A major overhaul and consolidation of EU clinical trial regulations is paving the way to faster approvals, greater international coordination, and resilience to drug shortages, according to Andreas Schwinn, senior qualified person (QP) for investigational medicinal products (IMPs) at Roche.
Speaking on 26 February at the 2025 Clinical Trial Supply Europe conference in Barcelona, Schwinn noted challenges experienced by trial sponsors during this time while emphasising that the resultant benefits would streamline and consolidate trial coordination among EU member states.
“It’s probably the most important regulatory development within the past decades for clinical trials,” Schwinn stated. Applications for trials conducted within EU nations will now be submitted via a single portal, with a single set of documents reviewed to cover approval across the entire EU. “We will, for the first time, with close to 30 EU member states, [have] one consistent rule set on clinical trials,” said Schwinn.
The restructuring of Europe’s clinical trial infrastructure is accompanied by key changes in terminology. These include distinguishing interventional trials from noninterventional studies, raising points with regulatory authorities without altering documentation through Article 81.9 of the CTR, and greater transparency in a universally accessible clinical trials information system (CTIS).
Foremost among the improvements to trial regulation brought with the new CTR is a simplification of multinational approval and documentation. Schwinn praised the single document set now required for trial approval in Europe, down from a previous average of seven, for which a default timeline of 106 days could be expected. Also, notably, quicker approval timelines for single nation trials are still possible.
Importantly, Schwinn noted that for an interventional therapeutic used in trials, a sponsor can submit commercial products only by active substance and active therapeutic chemical (ACT) code rather than by a drug’s marketing authorisation number. “This would allow that you change, for instance, between several generic comparators – without any submission,” which should buttress trials against generic compound shortages prevalent in Europe over the past few years, said Schwinn.
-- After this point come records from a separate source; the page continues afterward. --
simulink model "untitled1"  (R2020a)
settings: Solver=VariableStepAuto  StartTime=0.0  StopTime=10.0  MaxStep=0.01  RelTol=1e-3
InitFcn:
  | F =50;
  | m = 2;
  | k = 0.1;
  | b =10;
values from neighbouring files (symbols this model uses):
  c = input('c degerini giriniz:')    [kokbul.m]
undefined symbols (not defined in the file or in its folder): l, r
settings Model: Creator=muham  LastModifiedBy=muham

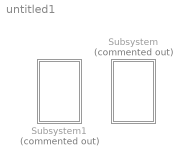
== system untitled1 ==
  Subsystem : Subsystem  Commented=on
  Subsystem1 : Subsystem  Commented=on

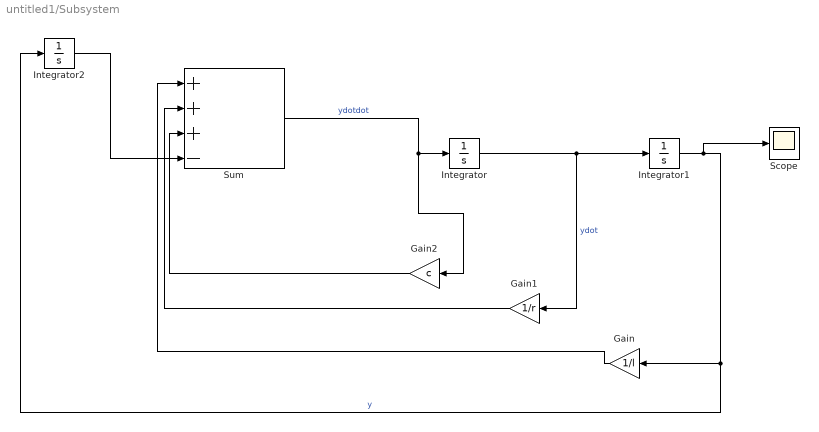
== system untitled1/Subsystem ==
  Gain : Gain  Gain=1/l
  Gain1 : Gain  Gain=1/r
  Gain2 : Gain  Gain=c
  Integrator : Integrator
  Integrator1 : Integrator
  Integrator2 : Integrator
  Scope : Scope
  Sum : Sum  Inputs=|+++-
  wires:
  Integrator/1 -> Gain1/1, Integrator1/1  "ydot"
  Integrator1/1 -> Integrator2/1, Gain/1, Scope/1  "y"
  Gain1/1 -> Sum/2
  Integrator2/1 -> Sum/4
  Gain/1 -> Sum/1
  Sum/1 -> Gain2/1, Integrator/1  "ydotdot"
  Gain2/1 -> Sum/3

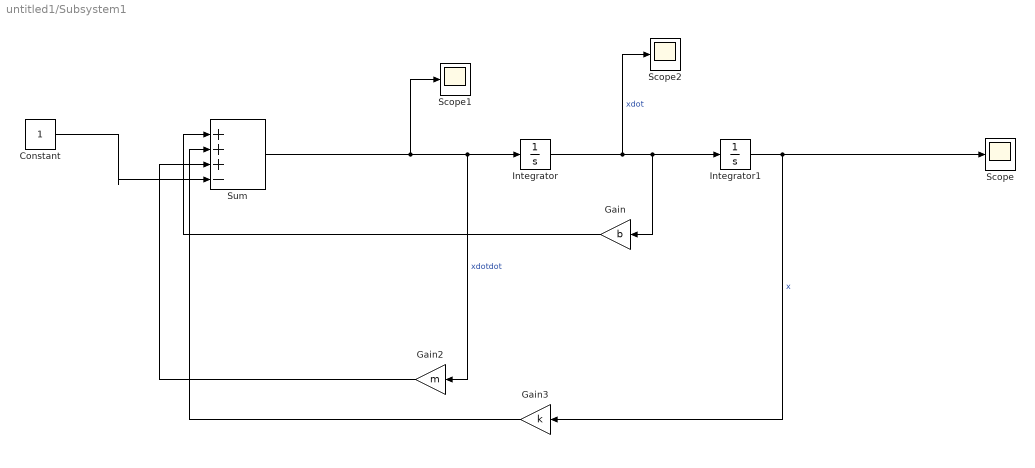
== system untitled1/Subsystem1 ==
  Constant : Constant
  Gain : Gain  Gain=b
  Gain2 : Gain  Gain=m
  Gain3 : Gain  Gain=k
  Integrator : Integrator
  Integrator1 : Integrator
  Scope : Scope
  Scope1 : Scope
  Scope2 : Scope
  Sum : Sum  Inputs=|+++-
  wires:
  Constant/1 -> Sum/4
  Gain/1 -> Sum/1
  Sum/1 -> Scope1/1, Gain2/1, Integrator/1  "xdotdot"
  Integrator1/1 -> Scope/1, Gain3/1  "x"
  Integrator/1 -> Scope2/1, Gain/1, Integrator1/1  "xdot"
  Gain3/1 -> Sum/2
  Gain2/1 -> Sum/3
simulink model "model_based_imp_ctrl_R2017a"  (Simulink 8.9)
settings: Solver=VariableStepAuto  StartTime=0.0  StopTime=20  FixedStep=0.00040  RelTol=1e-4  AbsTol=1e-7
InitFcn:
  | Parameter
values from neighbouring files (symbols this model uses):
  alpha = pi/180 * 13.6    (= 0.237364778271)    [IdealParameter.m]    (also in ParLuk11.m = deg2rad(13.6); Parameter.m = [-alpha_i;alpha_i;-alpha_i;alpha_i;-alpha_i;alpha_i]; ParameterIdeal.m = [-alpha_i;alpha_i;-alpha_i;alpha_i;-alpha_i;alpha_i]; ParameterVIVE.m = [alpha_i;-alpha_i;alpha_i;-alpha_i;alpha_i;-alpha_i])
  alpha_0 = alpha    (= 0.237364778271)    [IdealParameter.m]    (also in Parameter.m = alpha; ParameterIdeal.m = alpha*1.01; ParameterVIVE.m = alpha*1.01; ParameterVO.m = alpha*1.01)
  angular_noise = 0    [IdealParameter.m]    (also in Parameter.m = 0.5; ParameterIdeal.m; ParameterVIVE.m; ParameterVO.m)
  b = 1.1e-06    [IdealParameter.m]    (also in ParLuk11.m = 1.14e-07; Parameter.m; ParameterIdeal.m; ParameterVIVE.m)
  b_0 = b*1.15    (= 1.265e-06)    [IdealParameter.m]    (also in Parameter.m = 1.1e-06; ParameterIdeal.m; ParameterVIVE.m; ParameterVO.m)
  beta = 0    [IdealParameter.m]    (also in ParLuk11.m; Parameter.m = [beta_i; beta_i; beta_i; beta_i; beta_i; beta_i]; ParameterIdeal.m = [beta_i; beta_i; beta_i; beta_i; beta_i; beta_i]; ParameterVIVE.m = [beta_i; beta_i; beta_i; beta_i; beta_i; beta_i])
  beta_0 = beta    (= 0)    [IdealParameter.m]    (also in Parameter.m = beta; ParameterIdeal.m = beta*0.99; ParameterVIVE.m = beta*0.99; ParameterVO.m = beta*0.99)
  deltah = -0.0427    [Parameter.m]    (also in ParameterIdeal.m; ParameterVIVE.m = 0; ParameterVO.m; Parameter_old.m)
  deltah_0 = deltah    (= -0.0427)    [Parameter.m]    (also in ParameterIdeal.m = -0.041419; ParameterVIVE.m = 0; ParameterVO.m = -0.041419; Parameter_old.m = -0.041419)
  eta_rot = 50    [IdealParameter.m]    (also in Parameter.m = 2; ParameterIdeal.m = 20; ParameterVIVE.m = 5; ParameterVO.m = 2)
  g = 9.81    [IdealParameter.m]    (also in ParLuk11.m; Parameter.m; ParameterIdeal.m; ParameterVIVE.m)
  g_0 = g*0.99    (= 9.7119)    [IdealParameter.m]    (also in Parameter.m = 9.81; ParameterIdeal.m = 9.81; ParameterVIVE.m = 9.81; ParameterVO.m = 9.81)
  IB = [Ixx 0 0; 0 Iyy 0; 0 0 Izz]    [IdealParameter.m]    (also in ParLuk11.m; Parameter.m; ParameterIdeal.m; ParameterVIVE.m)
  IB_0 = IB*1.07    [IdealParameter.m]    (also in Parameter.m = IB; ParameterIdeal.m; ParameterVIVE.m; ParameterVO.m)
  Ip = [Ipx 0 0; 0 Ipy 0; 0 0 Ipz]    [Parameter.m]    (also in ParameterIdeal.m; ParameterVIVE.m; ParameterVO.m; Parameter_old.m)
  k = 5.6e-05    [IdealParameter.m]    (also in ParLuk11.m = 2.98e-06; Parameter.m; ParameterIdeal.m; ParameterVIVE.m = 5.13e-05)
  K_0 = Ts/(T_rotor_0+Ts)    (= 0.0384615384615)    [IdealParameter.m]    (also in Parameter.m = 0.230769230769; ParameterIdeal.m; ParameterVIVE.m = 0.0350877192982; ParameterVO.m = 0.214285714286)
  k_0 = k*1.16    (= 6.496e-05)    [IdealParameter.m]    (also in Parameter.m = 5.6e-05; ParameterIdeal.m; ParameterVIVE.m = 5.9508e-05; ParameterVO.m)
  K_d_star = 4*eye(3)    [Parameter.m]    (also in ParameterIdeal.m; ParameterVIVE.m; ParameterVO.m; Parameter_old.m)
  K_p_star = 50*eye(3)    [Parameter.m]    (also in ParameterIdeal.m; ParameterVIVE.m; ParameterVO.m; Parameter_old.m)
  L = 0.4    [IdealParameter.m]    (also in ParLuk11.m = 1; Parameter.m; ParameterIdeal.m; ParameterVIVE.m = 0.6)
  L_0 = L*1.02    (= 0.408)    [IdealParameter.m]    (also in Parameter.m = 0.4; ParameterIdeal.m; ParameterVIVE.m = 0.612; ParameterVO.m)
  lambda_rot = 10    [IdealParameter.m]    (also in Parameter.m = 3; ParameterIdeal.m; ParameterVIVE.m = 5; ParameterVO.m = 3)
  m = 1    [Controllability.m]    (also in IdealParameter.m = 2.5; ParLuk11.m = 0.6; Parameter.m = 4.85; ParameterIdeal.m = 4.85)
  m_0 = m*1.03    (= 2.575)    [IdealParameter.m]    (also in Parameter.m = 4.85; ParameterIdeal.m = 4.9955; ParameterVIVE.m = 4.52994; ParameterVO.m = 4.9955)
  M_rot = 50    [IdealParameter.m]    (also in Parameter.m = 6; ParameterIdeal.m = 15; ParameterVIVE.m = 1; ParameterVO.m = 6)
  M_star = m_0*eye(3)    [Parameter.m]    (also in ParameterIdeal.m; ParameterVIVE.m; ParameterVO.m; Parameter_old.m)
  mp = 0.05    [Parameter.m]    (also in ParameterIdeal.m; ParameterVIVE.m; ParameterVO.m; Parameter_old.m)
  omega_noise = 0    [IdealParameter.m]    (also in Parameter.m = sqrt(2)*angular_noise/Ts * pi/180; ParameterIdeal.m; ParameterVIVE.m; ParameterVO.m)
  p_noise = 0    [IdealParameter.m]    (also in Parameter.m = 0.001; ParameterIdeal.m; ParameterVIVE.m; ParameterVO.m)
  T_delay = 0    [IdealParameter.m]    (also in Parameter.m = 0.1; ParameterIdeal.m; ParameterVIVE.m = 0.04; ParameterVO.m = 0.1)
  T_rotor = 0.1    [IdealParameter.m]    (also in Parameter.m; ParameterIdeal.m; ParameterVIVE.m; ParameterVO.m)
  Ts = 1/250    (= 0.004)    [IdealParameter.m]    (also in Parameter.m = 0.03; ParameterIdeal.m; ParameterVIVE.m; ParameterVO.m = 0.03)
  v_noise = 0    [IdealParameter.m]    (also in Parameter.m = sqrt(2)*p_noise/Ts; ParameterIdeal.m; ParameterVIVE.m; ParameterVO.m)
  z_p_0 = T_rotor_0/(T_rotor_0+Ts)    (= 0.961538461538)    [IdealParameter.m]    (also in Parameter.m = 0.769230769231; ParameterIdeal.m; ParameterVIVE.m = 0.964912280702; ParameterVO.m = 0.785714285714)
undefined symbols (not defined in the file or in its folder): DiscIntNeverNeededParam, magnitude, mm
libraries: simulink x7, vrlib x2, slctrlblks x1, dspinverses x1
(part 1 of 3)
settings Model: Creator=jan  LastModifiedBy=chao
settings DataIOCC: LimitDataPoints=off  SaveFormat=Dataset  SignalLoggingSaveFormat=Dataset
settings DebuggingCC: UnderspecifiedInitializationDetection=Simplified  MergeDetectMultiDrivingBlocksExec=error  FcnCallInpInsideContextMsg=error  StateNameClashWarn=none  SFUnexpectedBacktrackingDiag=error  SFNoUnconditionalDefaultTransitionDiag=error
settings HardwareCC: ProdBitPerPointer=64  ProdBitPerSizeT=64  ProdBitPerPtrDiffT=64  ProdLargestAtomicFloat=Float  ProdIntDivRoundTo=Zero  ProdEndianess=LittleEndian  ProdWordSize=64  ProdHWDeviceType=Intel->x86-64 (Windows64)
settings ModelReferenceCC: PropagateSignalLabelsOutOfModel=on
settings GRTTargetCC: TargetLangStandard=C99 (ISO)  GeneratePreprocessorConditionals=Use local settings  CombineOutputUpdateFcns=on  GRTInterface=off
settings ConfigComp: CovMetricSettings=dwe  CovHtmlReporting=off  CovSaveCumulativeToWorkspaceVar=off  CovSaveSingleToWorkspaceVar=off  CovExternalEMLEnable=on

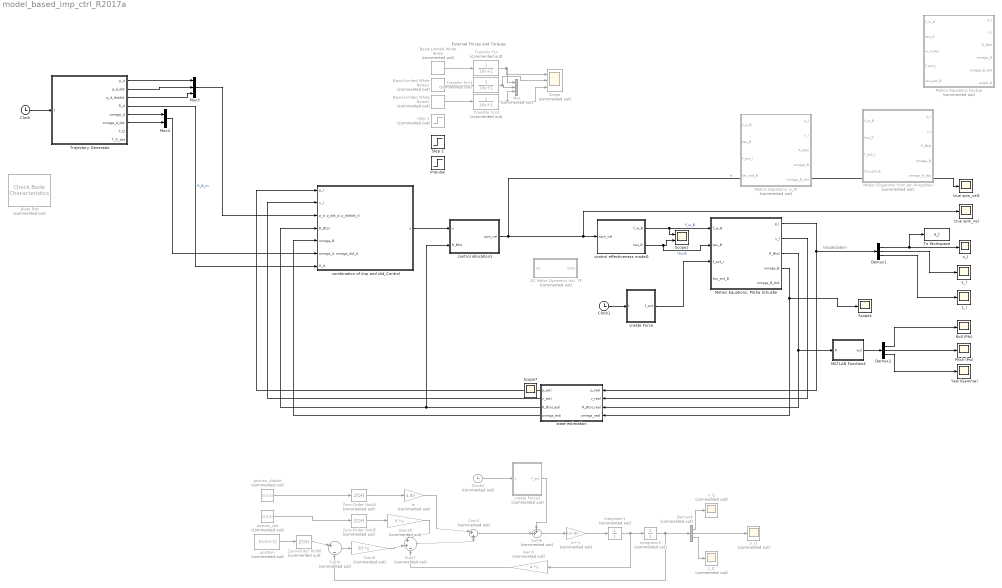
== system model_based_imp_ctrl_R2017a ==
  note: External Forces and Torques
  note: Visualization
  Band-Limited White Noise : simulink/Sources/Band-Limited White Noise  Commented=on  Cov=10  Ts=0.1  seed=[28341]  VectorParams1D=off
  Band-Limited White Noise1 : simulink/Sources/Band-Limited White Noise  Commented=on  Cov=10  Ts=0.1  seed=[23342]  VectorParams1D=off
  Band-Limited White Noise2 : simulink/Sources/Band-Limited White Noise  Commented=on  Cov=10  Ts=0.1  seed=[23441]  VectorParams1D=off
  Bode Plot : slctrlblks/Model Verification/Check Bode  Characteristics  Commented=on  InstantiateOnLoad=on  SaveOperatingPoints=off  LinearizationIOs={'/Trajectory Generator', 1, 'in', 'off', '';'/model3 Integral Sliding Mode Control', 1, 'out', 'off', ''}  LinearizeAt=SnapshotTimes  SnapshotTimes=[0]  TriggerType=rising  SampleTime=auto  RateConversionMethod=zoh  PreWarpFreq=10  UseExactDelayModel=off  UseFullBlockNameLabels=off  UseBusSignalLabels=off  enabled=on  stopWhenAssertionFail=off  export=off  ViewDlgPos=[100.333333333333 199.666666666667 510 390]  OpenViewOnLoad=off  LaunchViewOnOpen=off  FrequencyUnits=rad/s  MagnitudeUnits=dB  PhaseUnits=deg  TimeUnits=seconds  EnableUpperBound=off  UpperBoundFrequencies=[]  UpperBoundMagnitudes=[]  EnableLowerBound=off  LowerBoundFrequencies=[]  LowerBoundMagnitudes=[]
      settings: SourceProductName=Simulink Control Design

Much of Schwinn’s presentation focussed on the challenges seen at Roche as the Swiss pharma navigated the regulatory transition period. He noted the EU’s resolution of conflicts between data privacy laws and QP declarations as well as issues in cross referencing with pre-transition trials via the new Mother-Daughter trial system. While he recognised some unresolved conflict, such as the potential for EU member states to contest approvals and thereby reintroduce nationally divergent documentation, Schwinn maintained confidence in the new framework as a route towards a quick, efficient, and comprehensible paradigm for clinical trial regulation.